Update: I am updating this answer with this excellent resource here: https://blog.cloudflare.com/when-tcp-sockets-refuse-to-die/ Socket programming is complicated, so check out the links in this post.
None of the answers here seem accurate or useful. The OP does not look for BSD socket programming information. He is trying to figure out how to reliably handle failures of accept () ed client sockets in ZMQ on the REP socket to prevent server hangs or crashes.
As already noted, this problem is complicated by the fact that ZMQ tries to pretend that the listen () server socket matches the accept () ed socket (and there is no place in the documentation that describes how to set base timeouts on such sockets.)
My answer:
After much digging in the code, the only relevant socket options passed to accept () ed media seem to support the parameters from the parent listen () er. Therefore, the solution is to set the following parameters on the listening socket before calling send or recv:
void zmq_setup(zmq::context_t** context, zmq::socket_t** socket, const char* endpoint) { // Free old references. if(*socket != NULL) { (**socket).close(); (**socket).~socket_t(); } if(*context != NULL) { // Shutdown all previous server client-sockets. zmq_ctx_destroy((*context)); (**context).~context_t(); } *context = new zmq::context_t(1); *socket = new zmq::socket_t(**context, ZMQ_REP); // Enable TCP keep alive. int is_tcp_keep_alive = 1; (**socket).setsockopt(ZMQ_TCP_KEEPALIVE, &is_tcp_keep_alive, sizeof(is_tcp_keep_alive)); // Only send 2 probes to check if client is still alive. int tcp_probe_no = 2; (**socket).setsockopt(ZMQ_TCP_KEEPALIVE_CNT, &tcp_probe_no, sizeof(tcp_probe_no)); // How long does a con need to be "idle" for in seconds. int tcp_idle_timeout = 1; (**socket).setsockopt(ZMQ_TCP_KEEPALIVE_IDLE, &tcp_idle_timeout, sizeof(tcp_idle_timeout)); // Time in seconds between individual keep alive probes. int tcp_probe_interval = 1; (**socket).setsockopt(ZMQ_TCP_KEEPALIVE_INTVL, &tcp_probe_interval, sizeof(tcp_probe_interval)); // Discard pending messages in buf on close. int is_linger = 0; (**socket).setsockopt(ZMQ_LINGER, &is_linger, sizeof(is_linger)); // TCP user timeout on unacknowledged send buffer int is_user_timeout = 2; (**socket).setsockopt(ZMQ_TCP_MAXRT, &is_user_timeout, sizeof(is_user_timeout)); // Start internal enclave event server. printf("Host: Starting enclave event server\n"); (**socket).bind(endpoint); }
This means that the operating system aggressively checks the client socket for timeouts and reaps them for cleaning when the client does not return the heartbeat in time. As a result, the operating system will send SIGPIPE back to your program, and socket errors will bubble when sending / restoring a fixed hung server. Then you need to do two more things:
1. Handle SIGPIPE errors so that the program does not crash
#include <signal.h>
2. Check -1 returned by send or recv, and find ZMQ errors.

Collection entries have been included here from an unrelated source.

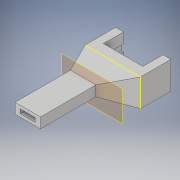
# Autodesk Inventor part: tilt_pillar
Saved by Autodesk Inventor 2018 (Build 220112000, 112)
## iProperties
Created: 2018-04-15
Part Number: tilt_pillar
Material: Generic
Document SubType Name: Modeling
Designer: scwu
Density: 1 g/cm^3
Appearance: Default
Author: scwu
Autodesk Inventor part; units mm, degrees
note: some values were not read from the file. Chosen so that the rebuilt part matches the saved one: second side of "Extrusion5".
ref_plane "YZ Plane" through (0, 0, 0) normal (1, 0, 0) x (0, 1, 0)
ref_plane "XZ Plane" through (0, 0, 0) normal (0, 1, 0) x (-1, 0, 0)
ref_plane "XY Plane" through (0, 0, 0) normal (0, 0, 1) x (1, 0, 0)
sketch "Sketch1" plane through (0, 0, 0) normal (0, 1, 0) x (-1, 0, 0)
  line L0 (-4.4, 0) -> (4.4, 0) construction
  line L1 (0, 0) -> (0, -12) construction
  line L2 (2.65, -12) -> (-2.65, -12) construction
  line L3 (2.65, -12) -> (4.4, 0)
  line L4 (-2.65, -12) -> (-4.4, 0)
  line L5 (0, -12) -> (0, -15.5) construction
  line L6 (0, -15.5) -> (-4, -15.5) construction
  line L7 (0, -15.5) -> (4, -15.5) construction
  line L8 (0, -15.5) -> (4, -15.5) construction
  line L9 (2.65, -12) -> (2.1396, -15.5)
  line L10 (-2.65, -12) -> (-2.1396, -15.5)
  line L11 (2.1396, -15.5) -> (-2.1396, -15.5)
  line L12 (-7.4, 0) -> (12.6, 0) construction
  line L13 (4.4, 0) -> (-4.4, 0)
  dimension "d0" = 8.8
  dimension "d1" = 12
  dimension "d2" = 5.3
  dimension "d3" = 3.5
  dimension "d4" = 4
  dimension "d5" = 4
  dimension "d7" = 3
  constraints: 28 end point, 7 horizontal, 4 collinear, 2 point on line, 2 symmetric about line, 1 midpoint, 1 perpendicular, 1 vertical
  measures "d0" distance of L0.start L0.end
  measures "d1" distance of L1.end L1.start
  measures "d2" distance of L2.start L2.end
  measures "d3" distance of L1.end L5.end
  measures "d4" distance of L5.end L6.end
  measures "d5" distance of L5.end L7.end
  measures "d7" distance of L0.start L12.start
sketch "Sketch2" plane through (0, 0, 0) normal (0, 1, 0) x (-1, 0, 0)
  line L0 (7.4, -46.26) -> (-7.4, -46.26)
  line L1 (-7.4, -46.26) -> (-7.4, 0)
  line L2 (-7.4, 0) -> (7.4, 0)
  line L3 (7.4, 0) -> (7.4, -46.26)
  line L4 (0, 0) -> (0, 4) construction
  line L5 (0, 0) -> (0, -46.26) construction
  dimension "d18" = 4
  dimension "d19" = 50.26
  dimension "d20" = 14.8
  constraints: 12 end point, 2 midpoint, 2 parallel, 2 vertical, 1 horizontal, 1 perpendicular
  measures "d18" distance of L4.start L4.end
  measures "d19" distance of L4.end L5.end
  measures "d20" distance of L1.end L2.end
extrude "Extrusion1" add sketch "Sketch2" along normal mid plane 6
extrude "Extrusion2" cut sketch "Sketch1" along normal mid plane 2.4
sketch "Sketch3" plane through (0, 0, 0) normal (0, 1, 0) x (-1, 0, 0)
  line L0 (0, 0) -> (0, 4) construction
  line L1 (0, 0) -> (0, -46.26) construction
  dimension "d15" = 4
  dimension "d17" = 50.26
  constraints: 4 end point, 2 vertical
  measures "d15" distance of L0.start L0.end
  measures "d17" distance of L0.end L1.end
sketch "Sketch4" plane through (7.4, 3, -46.26) normal (0, 0, -1) x (-1, 0, 0)
  line L0 (-13.95, 5) -> (18.25, 5)
  line L1 (18.25, 5) -> (18.25, -11)
  line L2 (18.25, -11) -> (-13.95, -11)
  line L3 (-13.95, -11) -> (-13.95, 5)
  line L4 (-9.35, 3.1) -> (13.65, 3.1)
  line L5 (13.65, 3.1) -> (13.65, -9.1)
  line L6 (13.65, -9.1) -> (-9.35, -9.1)
  line L7 (-9.35, -9.1) -> (-9.35, 3.1)
  line L8 (2.15, 5) -> (2.15, -11) construction
  line L9 (18.25, -3) -> (-13.95, -3) construction
  line L10 (-9.35, 3.1) -> (-9.35, 5)
  line L11 (13.65, 3.1) -> (13.65, 5)
  line L12 (13.65, -9.1) -> (13.65, -11)
  line L13 (-9.35, -9.1) -> (-9.35, -11)
  circle A0 centre (16.15, -3) radius 1
  circle A1 centre (-11.85, -3) radius 1
  point P0 (7.4, -3)
  point P1 (2.15, -3)
  dimension "d21" = 32.2
  dimension "d22" = 16
  dimension "d23" = 23
  dimension "d24" = 12.2
  dimension "d25" = 2.5
  dimension "d26" = 2
  dimension "d27" = 2.5
  dimension "d28" = 2
  dimension "d43" = 5.25
  constraints: 28 end point, 9 point on line, 5 midpoint, 5 parallel, 2 centre point, 2 coincident, 2 horizontal, 2 perpendicular, 1 horizontal alignment, 2 other
  measures "d21" distance of L1.end L2.end
  measures "d22" distance of L0.end L1.end
  measures "d23" distance of L5.end L6.end
  measures "d24" distance of L4.end L5.end
  measures "d25" distance from line of L5 point (16.15, -3)
  measures "d26" diameter of A0
  measures "d27" distance from line of L7 point (-11.85, -3)
  measures "d28" diameter of A1
  measures "d43" distance of point (7.4, -3) point (2.15, -3)
extrude "Extrusion3" add sketch "Sketch4" along normal blind 15.72 and the other way blind 2 contours L0 L10 L7 L13 L2 L3 | L0 L1 L2 L12 L5 L11
extrude "Extrusion4" add sketch "Sketch4" along normal blind 4 and the other way blind 2 contours L0 L11 L4 L10 | L13 L6 L12 L2
extrude "Extrusion5" add sketch "Sketch4" against normal blind 2 contours A0 | A1
extrude "Extrusion6" add sketch "Sketch4" against normal blind 2 contours L4 L5 L6 L7
sketch "Sketch5" plane through (-10.85, -8, -61.98) normal (-1, 0, 0) x (0, 0, 1)
  line L0 (15.72, 1.9) -> (15.72, 14.1) projected
  line L1 (15.72, 8) -> (6.72, 8) construction
  line L2 (15.72, 6) -> (6.72, 6)
  line L3 (6.72, 6) -> (6.72, 10)
  line L4 (6.72, 10) -> (15.72, 10)
  line L5 (15.72, 10) -> (15.72, 6)
  line L6 (15.72, 6) -> (6.72, 10) construction
  line L7 (6.72, 6) -> (15.72, 10) construction
  point P0 (61.98, 8)
  point P1 (11.22, 8)
  dimension "d44" = 9
  dimension "d45" = 4
  constraints: 14 end point, 4 midpoint, 2 horizontal, 2 parallel, 1 collinear, 1 perpendicular
  measures "d44" distance of L1.start L1.end
  measures "d45" distance of L2.end L3.end
extrude "Extrusion7" cut sketch "Sketch5" against normal blind 6
sketch "Sketch6" plane through (-6.25, -8, -61.98) normal (1, 0, 0) x (0, 0, -1)
  line L0 (-15.72, 10) -> (-6.72, 10) projected
  line L1 (0, 0) -> (0, 16) projected
  line L2 (-6.72, 10) -> (0, 10)
  line L3 (0, 10) -> (0, 6)
  line L4 (0, 6) -> (-6.72, 6)
  line L5 (-6.72, 6) -> (-6.72, 10)
  point P0 (-61.98, 8)
  dimension "d48" = 4
  constraints: 8 end point, 2 parallel, 1 horizontal, 1 perpendicular, 1 point on line
  measures "d48" distance of L2.end L3.end
extrude "Extrusion8" cut sketch "Sketch6" against normal blind 1
ref_plane "Work Plane1" through (7.4, 3, -32.26) normal (0, 0, 1) x (1, 0, 0)
sketch "Sketch7" plane through (7.4, 3, -32.26) normal (0, 0, 1) x (1, 0, 0)
  line L0 (-14.8, 0) -> (0, 0) projected
  line L1 (0, 0) -> (0, -6) projected
  line L2 (0, -6) -> (-14.8, -6) projected
  line L3 (-14.8, 0) -> (-14.8, -6) projected
  point P0 (-7.4, -3)
sketch "Sketch8" plane through (7.4, 3, -44.26) normal (0, 0, 1) x (1, 0, 0)
  line L0 (13.95, 5) -> (-18.25, 5) projected
  line L1 (-18.25, 5) -> (-18.25, -11) projected
  line L2 (-18.25, -11) -> (13.95, -11) projected
  line L3 (13.95, -11) -> (13.95, 5) projected
  point P0 (-7.4, -3)
loft "Loft1" add profiles "Sketch7" section 2 edges at (5.25, 8, -44.26) (-10.85, 0, -44.26) (5.25, -8, -44.26) (21.35, 0, -44.26)
body "Solid1"
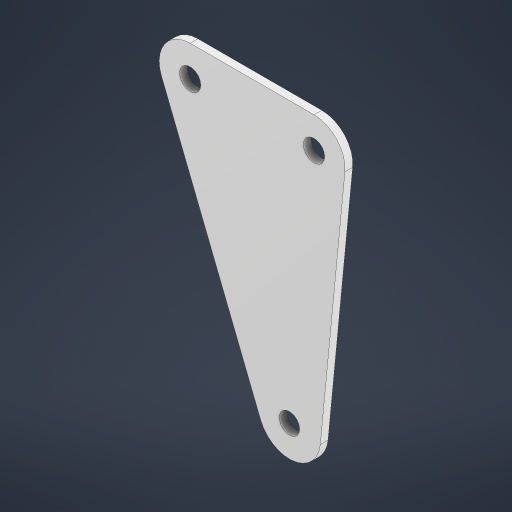
# Autodesk Inventor part: vertical_wing_gusset
Saved by Autodesk Inventor 2024 (Build 280153000, 153)
## iProperties
Created: 2024-01-17
Part Number: vertical_wing_gusset
Material: Acetal Resin, White
Document SubType Name: Modeling
Designer: avere
Density: 1.425 g/cm^3
Appearance: Smooth - White
Author: avere
Autodesk Inventor part; units mm, degrees
ref_plane "YZ Plane" through (0, 0, 0) normal (1, 0, 0) x (0, 1, 0)
ref_plane "XZ Plane" through (0, 0, 0) normal (0, 1, 0) x (-1, 0, 0)
ref_plane "XY Plane" through (0, 0, 0) normal (0, 0, 1) x (1, 0, 0)
sketch "main" plane through (0, 0, 0) normal (0, 0, 1) x (1, 0, 0)
  circle A0 centre (11.6396, 18.419) radius 2.1844
  circle A1 centre (-13.7604, 18.419) radius 2.1844
  arc A2 (-13.7604, 24.769) -> (-19.6572, 16.0633) centre (-13.7604, 18.419) ccw
  arc A3 (17.9587, 17.7933) -> (11.6396, 24.769) centre (11.6396, 18.419) ccw
  line L0 (-19.6572, 16.0633) -> (0.6972, -34.8883)
  line L1 (17.9587, 17.7933) -> (12.9132, -33.1583)
  line L2 (-13.7604, 24.769) -> (11.6396, 24.769)
  circle A4 centre (6.5941, -32.5326) radius 2.0955
  arc A5 (0.6972, -34.8883) -> (12.9132, -33.1583) centre (6.5941, -32.5326) ccw
  point P0 (1.7688, 7.28)
  dimension "d0" = 12.7
  dimension "d1" = 12.7
  dimension "d2" = 12.7
  dimension "d5" = 4.191
  measures "d0" diameter of A2
  measures "d1" diameter of A3
  measures "d2" diameter of A5
  measures "d5" diameter of A4
sketch "Sketch1" plane through (0, 0, 0) normal (0, 0, 1) x (1, 0, 0)
  circle A0 centre (25.4, 0) radius 2.1844
  circle A1 centre (0, 0) radius 2.1844
  arc A2 (0, 6.35) -> (-5.8969, -2.3557) centre (0, 0) ccw
  arc A3 (31.7191, -0.6258) -> (25.4, 6.35) centre (25.4, 0) ccw
  line L0 (-5.8969, -2.3557) -> (14.4576, -53.3073)
  line L1 (31.7191, -0.6258) -> (26.6735, -51.5774)
  line L2 (0, 6.35) -> (25.4, 6.35)
  circle A4 centre (20.3545, -50.9516) radius 2.0955
  arc A5 (14.4576, -53.3073) -> (26.6735, -51.5774) centre (20.3545, -50.9516) ccw
  constraints: 1 other
extrude "Extrusion1" add sketch "Sketch1" along normal blind 1.5875
body "Solid1"

// Eg skip broken accepted sockets (pseudo-code.) while (1): { try { if ((*socket).recv(&request)) == -1) throw -1; } catch (...) { // Prevent any endless error loops killing CPU. sleep(1) // Reset ZMQ state machine. try { zmq::message_t blank_reply = zmq::message_t(); (*socket).send (blank_reply); } catch (...) { 1; } continue; }
Notice the weird code that tries to send a response when a socket fails? In ZMQ, the server's βsocketβ REP is the endpoint for another program that creates the REQ socket for this server. As a result, if you recv for the REP socket with a hung client, the server toe will get stuck in the broken receive cycle, where it will wait forever to get a valid response.
To force the update on the destination computer, try sending a response. ZMQ detects that the socket is broken, and removes it from its queue. The server socket is peeling off, and the next recv call returns a new client from the queue.
To enable timeouts on an asynchronous client (in Python 3 ), the code should look something like this:
import asyncio import zmq import zmq.asyncio @asyncio.coroutine def req(endpoint): ms = 2000
Now you have several failure scenarios when something goes wrong.
By the way, if anyone is interested, the default value for TCP idle timeout on Linux is 7200 seconds or 2 hours. So you will wait a long time until the hung server does something!
Sources:
Denial of responsibility:
I tested this code and it seems to work, but does ZMQ really complicate testing it because the client reconnects when it fails? If someone wants to use this solution in production, I recommend writing a few basic unit tests first.
Server code can also be greatly improved with threads or polling so that multiple clients can be processed simultaneously. In the existing state, a malicious client can temporarily receive resources from the server (waiting time 3 seconds), which is not ideal.